About Mihoko Saigoh
I was born on January 30th, 1976 in Chiba. When I was three I went to see a violin show-and-tell concert and I got so excited that I almost got up on the stage. Because of that, my mother arranged for me to learn violin. Because my father travelled all over the country, I often travelled with the family all over Japan and I became a travel lover. (That may be why I hanker for the gypsy life.) I am very sensitive even when a bug dies or a tree branch falls away, and my childhood was painful because I was too sensitive to those things.

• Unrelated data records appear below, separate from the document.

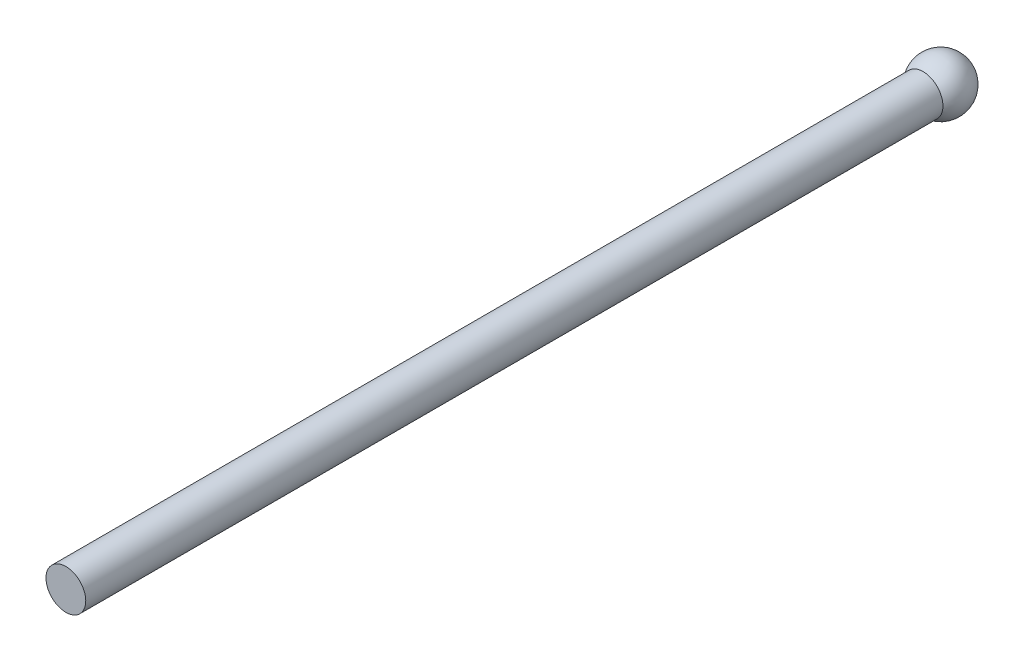
from build123d import *

# Parameters (mm, degrees)
SKETCH1_R           = 7.5
BOSS_EXTRUDE1_DEPTH = 330


with BuildPart() as part:
    # Sketch1 → Boss-Extrude1 (new body)
    with BuildSketch(Plane.XY):
        Circle(SKETCH1_R)
    extrude(amount=BOSS_EXTRUDE1_DEPTH)

    # Sketch2 → Revolve1 (revolve)
    with BuildSketch(Plane(origin=(0, 0, 0), x_dir=(1, 0, 0), z_dir=(0, 1, 0))):
        with BuildLine():
            Line((-7.5, -6.614378278), (0, -6.614378278))
            Line((0, -6.614378278), (0, 10))
            ThreePointArc((0, 10), (-9.114378278, 4.114378278), (-7.5, -6.614378278))
        make_face()
    revolve(axis=Axis((0, 0, 0), (0, 0, -1)))


solid = part.part

We had a large pond in our yard. There were 2 huge Nishiki carp measuring one meter long. They were named Taro and Jiro and I went swimming naked with them a lot of the time! In my Jr. High days, I felt so much pain and darkness, overlapping with my pubescence.I was particularly troubled about ecological destruction. I did not know what I should do with myself. In my high school days, I went to the Christian Independent School. At the enrollment ceremony, the principal said “If society is going East, this is school is going East. You need to change your values 180 degrees.” and I was moved by those words. It was a boarding school with only 70 kids. The school was in a half self-sufficient way deep in the mountains. There was absolutely no study for the college entrance exams.
There I ran around the mountains like a dink and, that’s right, I remember, when I came home in the summer once I walked all the way from the school in Yamagata all the way to Tokyo Station.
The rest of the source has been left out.